ASSIGNMENT: Among the entries below, one stretch runs from the line that contains "z1, z2, z3, z4" through the line that contains "Localization4 : Subsystem". Repeat that stretch exactly, ends included, and only that.
==== DATASET ====
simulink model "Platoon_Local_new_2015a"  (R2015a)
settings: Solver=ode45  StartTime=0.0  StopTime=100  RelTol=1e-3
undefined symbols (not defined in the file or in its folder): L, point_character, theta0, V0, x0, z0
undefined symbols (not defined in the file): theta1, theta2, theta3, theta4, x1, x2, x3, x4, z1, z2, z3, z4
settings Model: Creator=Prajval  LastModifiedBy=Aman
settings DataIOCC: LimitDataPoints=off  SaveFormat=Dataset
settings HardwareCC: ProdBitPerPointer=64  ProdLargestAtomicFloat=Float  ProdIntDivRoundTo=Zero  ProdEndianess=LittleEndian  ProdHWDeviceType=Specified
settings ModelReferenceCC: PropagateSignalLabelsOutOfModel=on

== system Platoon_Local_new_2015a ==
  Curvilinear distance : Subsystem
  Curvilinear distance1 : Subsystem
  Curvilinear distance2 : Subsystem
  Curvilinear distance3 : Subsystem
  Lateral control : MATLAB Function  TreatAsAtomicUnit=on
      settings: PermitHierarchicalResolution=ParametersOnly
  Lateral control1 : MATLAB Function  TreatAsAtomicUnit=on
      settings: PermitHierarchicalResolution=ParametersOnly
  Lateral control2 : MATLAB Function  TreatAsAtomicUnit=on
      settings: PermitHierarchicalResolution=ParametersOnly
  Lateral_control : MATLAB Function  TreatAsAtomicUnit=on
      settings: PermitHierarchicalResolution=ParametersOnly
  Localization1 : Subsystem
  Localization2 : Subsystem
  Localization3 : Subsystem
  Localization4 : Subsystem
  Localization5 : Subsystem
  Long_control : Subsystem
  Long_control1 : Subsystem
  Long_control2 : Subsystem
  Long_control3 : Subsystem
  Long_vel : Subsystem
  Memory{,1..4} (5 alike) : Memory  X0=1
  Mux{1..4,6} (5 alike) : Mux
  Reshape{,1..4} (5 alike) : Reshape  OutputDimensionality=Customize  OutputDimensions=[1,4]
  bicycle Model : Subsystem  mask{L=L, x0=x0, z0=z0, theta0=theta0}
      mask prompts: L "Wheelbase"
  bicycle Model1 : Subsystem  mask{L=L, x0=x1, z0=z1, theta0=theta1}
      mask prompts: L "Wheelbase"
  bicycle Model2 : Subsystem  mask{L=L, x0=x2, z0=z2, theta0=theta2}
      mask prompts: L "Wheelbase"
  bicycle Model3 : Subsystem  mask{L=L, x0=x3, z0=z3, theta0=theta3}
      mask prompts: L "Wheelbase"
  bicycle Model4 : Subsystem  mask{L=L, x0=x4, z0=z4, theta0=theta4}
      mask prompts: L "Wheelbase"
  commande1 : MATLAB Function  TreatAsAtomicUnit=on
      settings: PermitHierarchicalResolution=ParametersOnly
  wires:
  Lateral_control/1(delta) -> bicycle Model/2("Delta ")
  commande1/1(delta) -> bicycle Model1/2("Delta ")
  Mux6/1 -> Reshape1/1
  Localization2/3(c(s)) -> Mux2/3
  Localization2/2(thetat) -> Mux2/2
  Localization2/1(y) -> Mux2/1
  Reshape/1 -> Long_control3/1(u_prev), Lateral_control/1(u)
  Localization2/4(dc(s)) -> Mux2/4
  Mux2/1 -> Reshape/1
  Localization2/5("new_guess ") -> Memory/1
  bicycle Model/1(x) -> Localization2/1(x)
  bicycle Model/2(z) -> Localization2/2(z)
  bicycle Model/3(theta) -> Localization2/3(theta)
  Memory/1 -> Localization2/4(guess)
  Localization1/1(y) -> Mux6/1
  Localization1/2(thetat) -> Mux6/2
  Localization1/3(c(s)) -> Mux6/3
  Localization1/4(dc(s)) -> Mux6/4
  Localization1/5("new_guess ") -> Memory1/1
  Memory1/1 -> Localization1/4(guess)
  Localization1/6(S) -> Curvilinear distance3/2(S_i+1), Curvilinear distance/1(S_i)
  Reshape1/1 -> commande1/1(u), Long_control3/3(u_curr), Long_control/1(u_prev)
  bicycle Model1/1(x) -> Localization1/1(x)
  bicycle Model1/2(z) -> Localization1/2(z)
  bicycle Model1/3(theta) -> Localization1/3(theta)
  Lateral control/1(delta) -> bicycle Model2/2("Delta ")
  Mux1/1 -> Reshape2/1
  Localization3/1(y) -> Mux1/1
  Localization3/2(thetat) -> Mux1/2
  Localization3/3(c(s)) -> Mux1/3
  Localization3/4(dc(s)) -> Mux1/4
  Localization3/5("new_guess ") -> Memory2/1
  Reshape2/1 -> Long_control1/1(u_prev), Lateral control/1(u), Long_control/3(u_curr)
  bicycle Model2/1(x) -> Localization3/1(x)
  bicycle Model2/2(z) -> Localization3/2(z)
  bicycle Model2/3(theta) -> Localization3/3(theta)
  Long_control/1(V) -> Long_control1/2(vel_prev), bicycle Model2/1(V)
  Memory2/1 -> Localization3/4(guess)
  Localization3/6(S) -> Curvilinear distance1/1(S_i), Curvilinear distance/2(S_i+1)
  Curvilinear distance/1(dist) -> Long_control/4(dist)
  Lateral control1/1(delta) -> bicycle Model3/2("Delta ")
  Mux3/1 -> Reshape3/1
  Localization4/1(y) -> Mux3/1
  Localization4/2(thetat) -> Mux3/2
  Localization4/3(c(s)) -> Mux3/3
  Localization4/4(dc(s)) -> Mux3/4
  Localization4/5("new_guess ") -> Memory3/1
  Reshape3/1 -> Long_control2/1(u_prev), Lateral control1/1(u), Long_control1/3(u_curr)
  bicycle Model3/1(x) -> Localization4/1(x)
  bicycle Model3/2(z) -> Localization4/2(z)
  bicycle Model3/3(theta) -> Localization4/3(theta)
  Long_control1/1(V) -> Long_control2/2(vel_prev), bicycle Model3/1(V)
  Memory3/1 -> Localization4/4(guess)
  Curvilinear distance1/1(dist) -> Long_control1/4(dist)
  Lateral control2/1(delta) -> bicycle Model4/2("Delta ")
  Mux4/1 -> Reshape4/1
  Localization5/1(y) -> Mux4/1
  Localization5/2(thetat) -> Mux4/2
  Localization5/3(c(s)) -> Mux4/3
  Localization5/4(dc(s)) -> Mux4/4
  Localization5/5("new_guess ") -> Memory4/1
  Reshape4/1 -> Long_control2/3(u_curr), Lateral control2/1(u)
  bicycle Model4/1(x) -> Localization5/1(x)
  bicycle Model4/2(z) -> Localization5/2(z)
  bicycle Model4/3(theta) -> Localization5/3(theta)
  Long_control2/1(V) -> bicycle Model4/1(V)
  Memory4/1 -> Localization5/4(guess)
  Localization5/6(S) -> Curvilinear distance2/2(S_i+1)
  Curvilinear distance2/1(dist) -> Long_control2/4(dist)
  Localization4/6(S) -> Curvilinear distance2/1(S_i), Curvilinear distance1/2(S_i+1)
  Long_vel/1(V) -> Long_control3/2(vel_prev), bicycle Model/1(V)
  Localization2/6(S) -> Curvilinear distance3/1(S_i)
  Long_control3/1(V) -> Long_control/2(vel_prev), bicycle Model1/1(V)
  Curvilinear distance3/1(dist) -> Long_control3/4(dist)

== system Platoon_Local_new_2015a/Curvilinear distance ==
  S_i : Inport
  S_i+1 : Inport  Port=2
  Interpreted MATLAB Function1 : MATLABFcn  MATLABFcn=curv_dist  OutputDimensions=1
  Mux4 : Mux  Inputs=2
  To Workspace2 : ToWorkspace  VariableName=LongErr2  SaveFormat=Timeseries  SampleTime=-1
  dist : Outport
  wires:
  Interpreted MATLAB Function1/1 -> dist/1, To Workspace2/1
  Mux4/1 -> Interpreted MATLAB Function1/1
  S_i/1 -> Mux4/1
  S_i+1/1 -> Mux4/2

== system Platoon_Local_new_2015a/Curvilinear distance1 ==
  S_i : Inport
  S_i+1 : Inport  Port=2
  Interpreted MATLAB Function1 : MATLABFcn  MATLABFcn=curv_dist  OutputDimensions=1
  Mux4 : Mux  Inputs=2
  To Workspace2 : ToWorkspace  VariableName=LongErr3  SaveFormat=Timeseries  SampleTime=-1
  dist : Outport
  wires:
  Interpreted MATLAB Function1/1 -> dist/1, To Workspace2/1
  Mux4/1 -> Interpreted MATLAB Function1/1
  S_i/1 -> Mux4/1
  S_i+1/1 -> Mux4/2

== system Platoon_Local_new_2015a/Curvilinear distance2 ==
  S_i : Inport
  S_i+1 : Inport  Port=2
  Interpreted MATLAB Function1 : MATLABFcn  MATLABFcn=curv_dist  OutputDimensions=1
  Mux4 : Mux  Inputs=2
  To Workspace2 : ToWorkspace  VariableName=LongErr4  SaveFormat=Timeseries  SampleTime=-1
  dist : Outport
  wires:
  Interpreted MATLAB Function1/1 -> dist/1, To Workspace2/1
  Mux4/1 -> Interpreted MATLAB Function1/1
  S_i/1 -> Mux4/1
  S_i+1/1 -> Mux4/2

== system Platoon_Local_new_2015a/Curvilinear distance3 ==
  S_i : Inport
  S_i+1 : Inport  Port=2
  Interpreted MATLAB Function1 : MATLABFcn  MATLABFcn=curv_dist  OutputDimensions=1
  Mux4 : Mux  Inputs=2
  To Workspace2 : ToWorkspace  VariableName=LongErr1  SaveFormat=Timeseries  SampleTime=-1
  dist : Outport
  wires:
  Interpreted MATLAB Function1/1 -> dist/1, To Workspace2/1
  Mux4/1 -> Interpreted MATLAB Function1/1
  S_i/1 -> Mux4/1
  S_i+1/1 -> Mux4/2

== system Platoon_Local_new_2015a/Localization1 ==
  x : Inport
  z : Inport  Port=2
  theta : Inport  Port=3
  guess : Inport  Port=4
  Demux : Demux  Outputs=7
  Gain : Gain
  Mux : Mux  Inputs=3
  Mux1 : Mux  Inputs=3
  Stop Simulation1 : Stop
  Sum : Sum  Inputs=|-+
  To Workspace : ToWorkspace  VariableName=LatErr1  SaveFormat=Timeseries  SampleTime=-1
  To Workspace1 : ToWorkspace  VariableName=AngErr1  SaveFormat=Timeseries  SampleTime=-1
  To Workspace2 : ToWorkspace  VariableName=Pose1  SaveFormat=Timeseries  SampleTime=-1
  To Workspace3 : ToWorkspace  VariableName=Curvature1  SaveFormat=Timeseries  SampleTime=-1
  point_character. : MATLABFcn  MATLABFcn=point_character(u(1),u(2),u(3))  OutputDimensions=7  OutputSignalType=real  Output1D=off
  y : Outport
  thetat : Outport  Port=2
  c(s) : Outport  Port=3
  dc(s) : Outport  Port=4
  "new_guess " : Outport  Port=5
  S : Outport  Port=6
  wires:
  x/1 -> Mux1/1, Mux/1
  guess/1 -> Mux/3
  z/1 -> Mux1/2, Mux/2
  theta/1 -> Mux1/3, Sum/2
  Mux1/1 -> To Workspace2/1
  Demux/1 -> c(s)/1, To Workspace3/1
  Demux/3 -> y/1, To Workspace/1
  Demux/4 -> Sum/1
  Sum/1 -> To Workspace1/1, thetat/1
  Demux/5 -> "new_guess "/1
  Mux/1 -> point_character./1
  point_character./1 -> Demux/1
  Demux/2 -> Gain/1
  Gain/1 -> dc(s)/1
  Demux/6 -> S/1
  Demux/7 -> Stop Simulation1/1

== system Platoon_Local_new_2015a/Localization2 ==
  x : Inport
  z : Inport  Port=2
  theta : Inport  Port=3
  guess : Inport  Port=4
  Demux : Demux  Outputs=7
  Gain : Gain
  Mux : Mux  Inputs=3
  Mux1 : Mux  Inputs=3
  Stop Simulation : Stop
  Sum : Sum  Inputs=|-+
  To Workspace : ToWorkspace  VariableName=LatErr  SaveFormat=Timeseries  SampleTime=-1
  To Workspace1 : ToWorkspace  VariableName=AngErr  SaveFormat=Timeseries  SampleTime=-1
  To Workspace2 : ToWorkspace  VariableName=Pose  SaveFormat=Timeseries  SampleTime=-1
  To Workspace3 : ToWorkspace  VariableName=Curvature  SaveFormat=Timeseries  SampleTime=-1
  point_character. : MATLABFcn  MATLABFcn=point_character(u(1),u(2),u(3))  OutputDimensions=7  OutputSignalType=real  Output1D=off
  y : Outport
====
RESPONSE FOR THIS EXERCISE:
undefined symbols (not defined in the file): theta1, theta2, theta3, theta4, x1, x2, x3, x4, z1, z2, z3, z4
settings Model: Creator=Prajval  LastModifiedBy=Aman
settings DataIOCC: LimitDataPoints=off  SaveFormat=Dataset
settings HardwareCC: ProdBitPerPointer=64  ProdLargestAtomicFloat=Float  ProdIntDivRoundTo=Zero  ProdEndianess=LittleEndian  ProdHWDeviceType=Specified
settings ModelReferenceCC: PropagateSignalLabelsOutOfModel=on

== system Platoon_Local_new_2015a ==
  Curvilinear distance : Subsystem
  Curvilinear distance1 : Subsystem
  Curvilinear distance2 : Subsystem
  Curvilinear distance3 : Subsystem
  Lateral control : MATLAB Function  TreatAsAtomicUnit=on
      settings: PermitHierarchicalResolution=ParametersOnly
  Lateral control1 : MATLAB Function  TreatAsAtomicUnit=on
      settings: PermitHierarchicalResolution=ParametersOnly
  Lateral control2 : MATLAB Function  TreatAsAtomicUnit=on
      settings: PermitHierarchicalResolution=ParametersOnly
  Lateral_control : MATLAB Function  TreatAsAtomicUnit=on
      settings: PermitHierarchicalResolution=ParametersOnly
  Localization1 : Subsystem
  Localization2 : Subsystem
  Localization3 : Subsystem
  Localization4 : Subsystem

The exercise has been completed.